A membrane cap goes over the electrode. When correctly in place, the membrane presses down (lightly) on the gold cathode and electrically isolates it from the silver anode. The membrane cap is filled with an electrolyte solution. The electrolyte solution for this electrode is KCl; it is not advised that NaCl based electrolyte is used as an alternative.

The electrolyte will have absorbed oxygen during storage (more so if the bottle is becoming depleted). This dissolved oxygen in the electrolyte will have to be scavenged out before readings will have any accuracy.

When filling the membrane cap, ensure that no air bubbles are trapped in the cap. If the cap is slightly overfilled to create a positive meniscus, then as you tighten the membrane onto the electrode body, excess electrolyte will escape via the screw thread, therefore take time attaching the cap to let any excess fluid escape.

Preparing the electrode for use.

  • Place the membrane cap, with the membrane downward, on a clean surface. 
  • Half fill the cap with the electrolyte supplied. Tap the cap gently to remove any air bubbles from the electrolyte. 

Note: It is important to remove trapped air bubbles because they will feed oxygen to the cathode and hence cause extra signal current to flow regardless of the oxygen concentration in the sample.

  • Hold the electrode body vertically (with the cable uppermost) and screw on the membrane cap. One side of the thread is flat which will allow any surplus electrolyte to escape. Unscrew slightly to release any pressure and then gently screw the cap on until it is just tight. 

Note: Do not over tighten – the membrane should not be pressurised (bulging away from the cathode tip), as it will become thin and oversensitive.

The assembled electrode must stay connected to an awake sensor unit to keep it polarised.

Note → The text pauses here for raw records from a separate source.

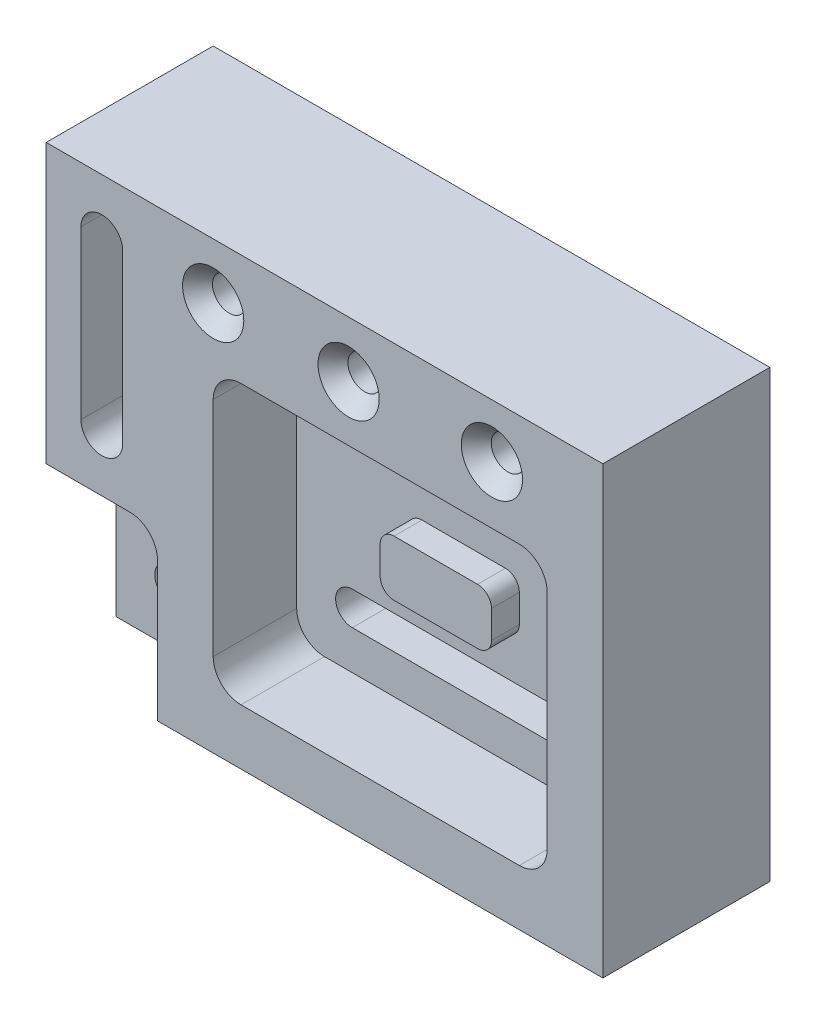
ISO-10303-21;
HEADER;
FILE_DESCRIPTION(('STEP AP214'),'2;1');
FILE_NAME('part.step','',(''),(''),'','','');
FILE_SCHEMA(('AUTOMOTIVE_DESIGN { 1 0 10303 214 1 1 1 1 }'));
ENDSEC;
DATA;
#1=APPLICATION_CONTEXT('core data for automotive mechanical design processes');
#2=APPLICATION_PROTOCOL_DEFINITION('international standard','automotive_design',2000,#1);
#3=PRODUCT_CONTEXT('',#1,'mechanical');
#4=PRODUCT('Part','Part','',(#3));
#5=PRODUCT_RELATED_PRODUCT_CATEGORY('part','',(#4));
#6=PRODUCT_DEFINITION_FORMATION('','',#4);
#7=PRODUCT_DEFINITION_CONTEXT('part definition',#1,'design');
#8=PRODUCT_DEFINITION('design','',#6,#7);
#9=PRODUCT_DEFINITION_SHAPE('','',#8);
#10=(LENGTH_UNIT() NAMED_UNIT(*) SI_UNIT(.MILLI.,.METRE.));
#11=(NAMED_UNIT(*) PLANE_ANGLE_UNIT() SI_UNIT($,.RADIAN.));
#12=(NAMED_UNIT(*) SI_UNIT($,.STERADIAN.) SOLID_ANGLE_UNIT());
#13=UNCERTAINTY_MEASURE_WITH_UNIT(LENGTH_MEASURE(1.E-05),#10,'distance_accuracy_value','');
#14=(GEOMETRIC_REPRESENTATION_CONTEXT(3) GLOBAL_UNCERTAINTY_ASSIGNED_CONTEXT((#13)) GLOBAL_UNIT_ASSIGNED_CONTEXT((#10,
#11,#12)) REPRESENTATION_CONTEXT('',''));
#15=CARTESIAN_POINT('',(0.,0.,0.));
#16=DIRECTION('',(0.,0.,1.));
#17=DIRECTION('',(1.,0.,0.));
#18=AXIS2_PLACEMENT_3D('',#15,#16,#17);
#19=CARTESIAN_POINT('',(70.,30.,-30.));
#20=DIRECTION('',(0.,0.,1.));
#21=DIRECTION('',(1.,0.,0.));
#22=AXIS2_PLACEMENT_3D('',#19,#20,#21);
#23=PLANE('',#22);
#24=CARTESIAN_POINT('',(70.,30.,-30.));
#25=DIRECTION('',(0.,0.,1.));
#26=DIRECTION('',(1.,0.,0.));
#27=AXIS2_PLACEMENT_3D('',#24,#25,#26);
#28=CIRCLE('',#27,10.);
#29=CARTESIAN_POINT('',(80.,29.9999999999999,-30.));
#30=VERTEX_POINT('',#29);
#31=CARTESIAN_POINT('',(69.9999999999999,40.,-30.));
#32=VERTEX_POINT('',#31);
#33=EDGE_CURVE('E890',#30,#32,#28,.T.);
#34=ORIENTED_EDGE('',*,*,#33,.T.);
#35=DIRECTION('',(1.,0.,0.));
#36=VECTOR('',#35,1.);
#37=CARTESIAN_POINT('',(-29.9999999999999,40.,-30.));
#38=LINE('',#37,#36);
#39=CARTESIAN_POINT('',(-29.9999999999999,40.,-30.));
#40=VERTEX_POINT('',#39);
#41=EDGE_CURVE('E896',#40,#32,#38,.T.);
#42=ORIENTED_EDGE('',*,*,#41,.F.);
#43=CARTESIAN_POINT('',(-30.,30.,-30.));
#44=DIRECTION('',(0.,0.,-1.));
#45=DIRECTION('',(-1.,0.,0.));
#46=AXIS2_PLACEMENT_3D('',#43,#44,#45);
#47=CIRCLE('',#46,10.);
#48=CARTESIAN_POINT('',(-40.,29.9999999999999,-30.));
#49=VERTEX_POINT('',#48);
#50=EDGE_CURVE('E947',#49,#40,#47,.T.);
#51=ORIENTED_EDGE('',*,*,#50,.F.);
#52=DIRECTION('',(0.,-1.,0.));
#53=VECTOR('',#52,1.);
#54=CARTESIAN_POINT('',(-40.,29.9999999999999,-30.));
#55=LINE('',#54,#53);
#56=CARTESIAN_POINT('',(-40.,-49.9999999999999,-30.));
#57=VERTEX_POINT('',#56);
#58=EDGE_CURVE('E944',#49,#57,#55,.T.);
#59=ORIENTED_EDGE('',*,*,#58,.T.);
#60=CARTESIAN_POINT('',(-30.,-50.,-30.));
#61=DIRECTION('',(0.,0.,-1.));
#62=DIRECTION('',(-1.,0.,0.));
#63=AXIS2_PLACEMENT_3D('',#60,#61,#62);
#64=CIRCLE('',#63,10.);
#65=CARTESIAN_POINT('',(-29.9999999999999,-60.,-30.));
#66=VERTEX_POINT('',#65);
#67=EDGE_CURVE('E926',#66,#57,#64,.T.);
#68=ORIENTED_EDGE('',*,*,#67,.F.);
#69=DIRECTION('',(-1.,0.,0.));
#70=VECTOR('',#69,1.);
#71=CARTESIAN_POINT('',(69.9999999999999,-60.,-30.));
#72=LINE('',#71,#70);
#73=CARTESIAN_POINT('',(69.9999999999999,-60.,-30.));
#74=VERTEX_POINT('',#73);
#75=EDGE_CURVE('E923',#74,#66,#72,.T.);
#76=ORIENTED_EDGE('',*,*,#75,.F.);
#77=CARTESIAN_POINT('',(70.,-50.,-30.));
#78=DIRECTION('',(0.,0.,-1.));
#79=DIRECTION('',(-1.,0.,0.));
#80=AXIS2_PLACEMENT_3D('',#77,#78,#79);
#81=CIRCLE('',#80,10.);
#82=CARTESIAN_POINT('',(80.,-49.9999999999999,-30.));
#83=VERTEX_POINT('',#82);
#84=EDGE_CURVE('E920',#83,#74,#81,.T.);
#85=ORIENTED_EDGE('',*,*,#84,.F.);
#86=DIRECTION('',(0.,1.,0.));
#87=VECTOR('',#86,1.);
#88=CARTESIAN_POINT('',(80.,-49.9999999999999,-30.));
#89=LINE('',#88,#87);
#90=EDGE_CURVE('E909',#83,#30,#89,.T.);
#91=ORIENTED_EDGE('',*,*,#90,.T.);
#92=EDGE_LOOP('',(#34,#42,#51,#59,#68,#76,#85,#91));
#93=FACE_BOUND('',#92,.T.);
#94=CARTESIAN_POINT('',(-20.,20.,-30.));
#95=DIRECTION('',(0.,0.,1.));
#96=DIRECTION('',(1.,0.,0.));
#97=AXIS2_PLACEMENT_3D('',#94,#95,#96);
#98=CIRCLE('',#97,6.);
#99=CARTESIAN_POINT('',(-20.,26.,-30.));
#100=VERTEX_POINT('',#99);
#101=CARTESIAN_POINT('',(-20.,14.,-30.));
#102=VERTEX_POINT('',#101);
#103=EDGE_CURVE('E703',#100,#102,#98,.T.);
#104=ORIENTED_EDGE('',*,*,#103,.F.);
#105=DIRECTION('',(1.,0.,0.));
#106=VECTOR('',#105,1.);
#107=CARTESIAN_POINT('',(-20.,26.,-30.));
#108=LINE('',#107,#106);
#109=CARTESIAN_POINT('',(60.1483933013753,26.,-30.));
#110=VERTEX_POINT('',#109);
#111=EDGE_CURVE('E678',#100,#110,#108,.T.);
#112=ORIENTED_EDGE('',*,*,#111,.T.);
#113=CARTESIAN_POINT('',(60.1483933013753,20.,-30.));
#114=DIRECTION('',(0.,0.,1.));
#115=DIRECTION('',(1.,0.,0.));
#116=AXIS2_PLACEMENT_3D('',#113,#114,#115);
#117=CIRCLE('',#116,6.);
#118=CARTESIAN_POINT('',(60.1483933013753,14.,-30.));
#119=VERTEX_POINT('',#118);
#120=EDGE_CURVE('E710',#119,#110,#117,.T.);
#121=ORIENTED_EDGE('',*,*,#120,.F.);
#122=DIRECTION('',(1.,0.,0.));
#123=VECTOR('',#122,1.);
#124=CARTESIAN_POINT('',(-20.,14.,-30.));
#125=LINE('',#124,#123);
#126=EDGE_CURVE('E706',#102,#119,#125,.T.);
#127=ORIENTED_EDGE('',*,*,#126,.F.);
#128=EDGE_LOOP('',(#104,#112,#121,#127));
#129=FACE_BOUND('',#128,.T.);
#130=CARTESIAN_POINT('',(-20.,-40.,-30.));
#131=DIRECTION('',(0.,0.,1.));
#132=DIRECTION('',(1.,0.,0.));
#133=AXIS2_PLACEMENT_3D('',#130,#131,#132);
#134=CIRCLE('',#133,6.);
#135=CARTESIAN_POINT('',(-20.,-34.,-30.));
#136=VERTEX_POINT('',#135);
#137=CARTESIAN_POINT('',(-20.,-46.,-30.));
#138=VERTEX_POINT('',#137);
#139=EDGE_CURVE('E283',#136,#138,#134,.T.);
#140=ORIENTED_EDGE('',*,*,#139,.F.);
#141=DIRECTION('',(1.,0.,0.));
#142=VECTOR('',#141,1.);
#143=CARTESIAN_POINT('',(-20.,-34.,-30.));
#144=LINE('',#143,#142);
#145=CARTESIAN_POINT('',(60.1483933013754,-34.,-30.));
#146=VERTEX_POINT('',#145);
#147=EDGE_CURVE('E719',#136,#146,#144,.T.);
#148=ORIENTED_EDGE('',*,*,#147,.T.);
#149=CARTESIAN_POINT('',(60.1483933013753,-40.,-30.));
#150=DIRECTION('',(0.,0.,1.));
#151=DIRECTION('',(1.,0.,0.));
#152=AXIS2_PLACEMENT_3D('',#149,#150,#151);
#153=CIRCLE('',#152,6.00000000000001);
#154=CARTESIAN_POINT('',(60.1483933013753,-46.,-30.));
#155=VERTEX_POINT('',#154);
#156=EDGE_CURVE('E723',#155,#146,#153,.T.);
#157=ORIENTED_EDGE('',*,*,#156,.F.);
#158=DIRECTION('',(1.,0.,0.));
#159=VECTOR('',#158,1.);
#160=CARTESIAN_POINT('',(-20.,-46.,-30.));
#161=LINE('',#160,#159);
#162=EDGE_CURVE('E754',#138,#155,#161,.T.);
#163=ORIENTED_EDGE('',*,*,#162,.F.);
#164=EDGE_LOOP('',(#140,#148,#157,#163));
#165=FACE_BOUND('',#164,.T.);
#166=DIRECTION('',(1.,0.,0.));
#167=VECTOR('',#166,1.);
#168=CARTESIAN_POINT('',(5.00000000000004,0.,-30.));
#169=LINE('',#168,#167);
#170=CARTESIAN_POINT('',(5.00000000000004,0.,-30.));
#171=VERTEX_POINT('',#170);
#172=CARTESIAN_POINT('',(35.,0.,-30.));
#173=VERTEX_POINT('',#172);
#174=EDGE_CURVE('E277',#171,#173,#169,.T.);
#175=ORIENTED_EDGE('',*,*,#174,.T.);
#176=CARTESIAN_POINT('',(35.,-5.,-30.));
#177=DIRECTION('',(0.,0.,1.));
#178=DIRECTION('',(1.,0.,0.));
#179=AXIS2_PLACEMENT_3D('',#176,#177,#178);
#180=CIRCLE('',#179,5.);
#181=CARTESIAN_POINT('',(40.,-5.00000000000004,-30.));
#182=VERTEX_POINT('',#181);
#183=EDGE_CURVE('E288',#182,#173,#180,.T.);
#184=ORIENTED_EDGE('',*,*,#183,.F.);
#185=DIRECTION('',(0.,1.,0.));
#186=VECTOR('',#185,1.);
#187=CARTESIAN_POINT('',(40.,-15.,-30.));
#188=LINE('',#187,#186);
#189=CARTESIAN_POINT('',(40.,-15.,-30.));
#190=VERTEX_POINT('',#189);
#191=EDGE_CURVE('E330',#190,#182,#188,.T.);
#192=ORIENTED_EDGE('',*,*,#191,.F.);
#193=CARTESIAN_POINT('',(35.,-15.,-30.));
#194=DIRECTION('',(0.,0.,-1.));
#195=DIRECTION('',(-1.,0.,0.));
#196=AXIS2_PLACEMENT_3D('',#193,#194,#195);
#197=CIRCLE('',#196,5.);
#198=CARTESIAN_POINT('',(35.,-20.,-30.));
#199=VERTEX_POINT('',#198);
#200=EDGE_CURVE('E54',#190,#199,#197,.T.);
#201=ORIENTED_EDGE('',*,*,#200,.T.);
#202=DIRECTION('',(-1.,0.,0.));
#203=VECTOR('',#202,1.);
#204=CARTESIAN_POINT('',(35.,-20.,-30.));
#205=LINE('',#204,#203);
#206=CARTESIAN_POINT('',(5.00000000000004,-20.,-30.));
#207=VERTEX_POINT('',#206);
#208=EDGE_CURVE('E319',#199,#207,#205,.T.);
#209=ORIENTED_EDGE('',*,*,#208,.T.);
#210=CARTESIAN_POINT('',(5.,-15.,-30.));
#211=DIRECTION('',(0.,0.,-1.));
#212=DIRECTION('',(-1.,0.,0.));
#213=AXIS2_PLACEMENT_3D('',#210,#211,#212);
#214=CIRCLE('',#213,5.);
#215=CARTESIAN_POINT('',(0.,-15.,-30.));
#216=VERTEX_POINT('',#215);
#217=EDGE_CURVE('E315',#207,#216,#214,.T.);
#218=ORIENTED_EDGE('',*,*,#217,.T.);
#219=DIRECTION('',(0.,-1.,0.));
#220=VECTOR('',#219,1.);
#221=CARTESIAN_POINT('',(0.,-5.00000000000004,-30.));
#222=LINE('',#221,#220);
#223=CARTESIAN_POINT('',(0.,-5.00000000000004,-30.));
#224=VERTEX_POINT('',#223);
#225=EDGE_CURVE('E299',#224,#216,#222,.T.);
#226=ORIENTED_EDGE('',*,*,#225,.F.);
#227=CARTESIAN_POINT('',(5.,-5.,-30.));
#228=DIRECTION('',(0.,0.,-1.));
#229=DIRECTION('',(-1.,0.,0.));
#230=AXIS2_PLACEMENT_3D('',#227,#228,#229);
#231=CIRCLE('',#230,5.);
#232=EDGE_CURVE('E297',#224,#171,#231,.T.);
#233=ORIENTED_EDGE('',*,*,#232,.T.);
#234=EDGE_LOOP('',(#175,#184,#192,#201,#209,#218,#226,#233));
#235=FACE_BOUND('',#234,.T.);
#236=ADVANCED_FACE('F39',(#93,#129,#165,#235),#23,.T.);
#237=CARTESIAN_POINT('',(-100.,-80.,0.));
#238=DIRECTION('',(0.,0.,-1.));
#239=DIRECTION('',(-1.,0.,0.));
#240=AXIS2_PLACEMENT_3D('',#237,#238,#239);
#241=PLANE('',#240);
#242=DIRECTION('',(0.,-1.,0.));
#243=VECTOR('',#242,1.);
#244=CARTESIAN_POINT('',(-87.5000000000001,60.,0.));
#245=LINE('',#244,#243);
#246=CARTESIAN_POINT('',(-87.5000000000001,60.,0.));
#247=VERTEX_POINT('',#246);
#248=CARTESIAN_POINT('',(-87.5000000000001,0.,0.));
#249=VERTEX_POINT('',#248);
#250=EDGE_CURVE('E634',#247,#249,#245,.T.);
#251=ORIENTED_EDGE('',*,*,#250,.F.);
#252=CARTESIAN_POINT('',(-80.0000000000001,60.,0.));
#253=DIRECTION('',(0.,0.,1.));
#254=DIRECTION('',(1.,0.,0.));
#255=AXIS2_PLACEMENT_3D('',#252,#253,#254);
#256=CIRCLE('',#255,7.49999999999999);
#257=CARTESIAN_POINT('',(-72.5000000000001,60.,0.));
#258=VERTEX_POINT('',#257);
#259=EDGE_CURVE('E630',#258,#247,#256,.T.);
#260=ORIENTED_EDGE('',*,*,#259,.F.);
#261=DIRECTION('',(0.,-1.,0.));
#262=VECTOR('',#261,1.);
#263=CARTESIAN_POINT('',(-72.5000000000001,60.,0.));
#264=LINE('',#263,#262);
#265=CARTESIAN_POINT('',(-72.5,0.,0.));
#266=VERTEX_POINT('',#265);
#267=EDGE_CURVE('E655',#258,#266,#264,.T.);
#268=ORIENTED_EDGE('',*,*,#267,.T.);
#269=CARTESIAN_POINT('',(-80.,0.,0.));
#270=DIRECTION('',(0.,0.,1.));
#271=DIRECTION('',(1.,0.,0.));
#272=AXIS2_PLACEMENT_3D('',#269,#270,#271);
#273=CIRCLE('',#272,7.50000000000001);
#274=EDGE_CURVE('E642',#249,#266,#273,.T.);
#275=ORIENTED_EDGE('',*,*,#274,.F.);
#276=EDGE_LOOP('',(#251,#260,#268,#275));
#277=FACE_BOUND('',#276,.T.);
#278=CARTESIAN_POINT('',(8.66393965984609,59.8722747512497,-5.6843418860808E-11));
#279=DIRECTION('',(0.,0.,1.));
#280=DIRECTION('',(1.,0.,0.));
#281=AXIS2_PLACEMENT_3D('',#278,#279,#280);
#282=CIRCLE('',#281,11.);
#283=CARTESIAN_POINT('',(19.6639396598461,59.8722747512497,-5.6843418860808E-11));
#284=VERTEX_POINT('',#283);
#285=EDGE_CURVE('E584',#284,#284,#282,.T.);
#286=ORIENTED_EDGE('',*,*,#285,.F.);
#287=EDGE_LOOP('',(#286));
#288=FACE_BOUND('',#287,.T.);
#289=DIRECTION('',(1.,0.,0.));
#290=VECTOR('',#289,1.);
#291=CARTESIAN_POINT('',(-120.,-20.,0.));
#292=LINE('',#291,#290);
#293=CARTESIAN_POINT('',(-100.,-20.,0.));
#294=VERTEX_POINT('',#293);
#295=CARTESIAN_POINT('',(-70.0000000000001,-20.,0.));
#296=VERTEX_POINT('',#295);
#297=EDGE_CURVE('E560',#294,#296,#292,.T.);
#298=ORIENTED_EDGE('',*,*,#297,.T.);
#299=CARTESIAN_POINT('',(-70.,-30.,0.));
#300=DIRECTION('',(0.,0.,1.));
#301=DIRECTION('',(1.,0.,0.));
#302=AXIS2_PLACEMENT_3D('',#299,#300,#301);
#303=CIRCLE('',#302,10.);
#304=CARTESIAN_POINT('',(-60.,-30.0000000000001,0.));
#305=VERTEX_POINT('',#304);
#306=EDGE_CURVE('E553',#305,#296,#303,.T.);
#307=ORIENTED_EDGE('',*,*,#306,.F.);
#308=DIRECTION('',(0.,1.,0.));
#309=VECTOR('',#308,1.);
#310=CARTESIAN_POINT('',(-60.,-100.,0.));
#311=LINE('',#310,#309);
#312=CARTESIAN_POINT('',(-60.,-80.,0.));
#313=VERTEX_POINT('',#312);
#314=EDGE_CURVE('E549',#313,#305,#311,.T.);
#315=ORIENTED_EDGE('',*,*,#314,.F.);
#316=DIRECTION('',(-1.,0.,0.));
#317=VECTOR('',#316,1.);
#318=CARTESIAN_POINT('',(100.,-80.,0.));
#319=LINE('',#318,#317);
#320=CARTESIAN_POINT('',(100.,-80.,0.));
#321=VERTEX_POINT('',#320);
#322=EDGE_CURVE('E496',#321,#313,#319,.T.);
#323=ORIENTED_EDGE('',*,*,#322,.F.);
#324=DIRECTION('',(0.,1.,0.));
#325=VECTOR('',#324,1.);
#326=CARTESIAN_POINT('',(100.,-80.,0.));
#327=LINE('',#326,#325);
#328=CARTESIAN_POINT('',(100.,80.,0.));
#329=VERTEX_POINT('',#328);
#330=EDGE_CURVE('E505',#321,#329,#327,.T.);
#331=ORIENTED_EDGE('',*,*,#330,.T.);
#332=DIRECTION('',(1.,0.,0.));
#333=VECTOR('',#332,1.);
#334=CARTESIAN_POINT('',(-100.,80.,0.));
#335=LINE('',#334,#333);
#336=CARTESIAN_POINT('',(-100.,80.,0.));
#337=VERTEX_POINT('',#336);
#338=EDGE_CURVE('E509',#337,#329,#335,.T.);
#339=ORIENTED_EDGE('',*,*,#338,.F.);
#340=DIRECTION('',(0.,-1.,0.));
#341=VECTOR('',#340,1.);
#342=CARTESIAN_POINT('',(-100.,80.,0.));
#343=LINE('',#342,#341);
#344=EDGE_CURVE('E506',#337,#294,#343,.T.);
#345=ORIENTED_EDGE('',*,*,#344,.T.);
#346=EDGE_LOOP('',(#298,#307,#315,#323,#331,#339,#345));
#347=FACE_BOUND('',#346,.T.);
#348=DIRECTION('',(1.,0.,0.));
#349=VECTOR('',#348,1.);
#350=CARTESIAN_POINT('',(-29.9999999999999,40.,0.));
#351=LINE('',#350,#349);
#352=CARTESIAN_POINT('',(-29.9999999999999,40.,0.));
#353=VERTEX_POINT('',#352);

If disconnected, reconnect for 10 minutes before use.  

Before use go to Devices and select the appropriate range.

There is a choice of:

  • 0 – 150 %Sat 
  • 0 – 250% Sat
  • 0 – 15 mg/L
  • 0 -20 mg/L

Unless the sensor is being used for comparative work it will need calibrating before use.

To calibrate for use in an Aqueous solution e.g. water 

  1. The range of the Sensor should be set to measure oxygen in water, 0 – 150 (%Sat).
  2. After the electrode has been polarised for at least 30 minutes, hold the electrode vertically 10 mm above a sample of stirred distilled water (so the air is saturated with water vapour) for about 60 seconds. Do not let the membrane get wet. 
  3. Select Devices > Calibrate
  4. Follow the instructions.

Using the mg/L range

You will need to supply a value for air pressure and the temperature of the aqueous solution. These functions assume the temperature and pressure are constant and that the effect of dissolved solutes is negligible e.g. water. 1mg/L = 1 ppm.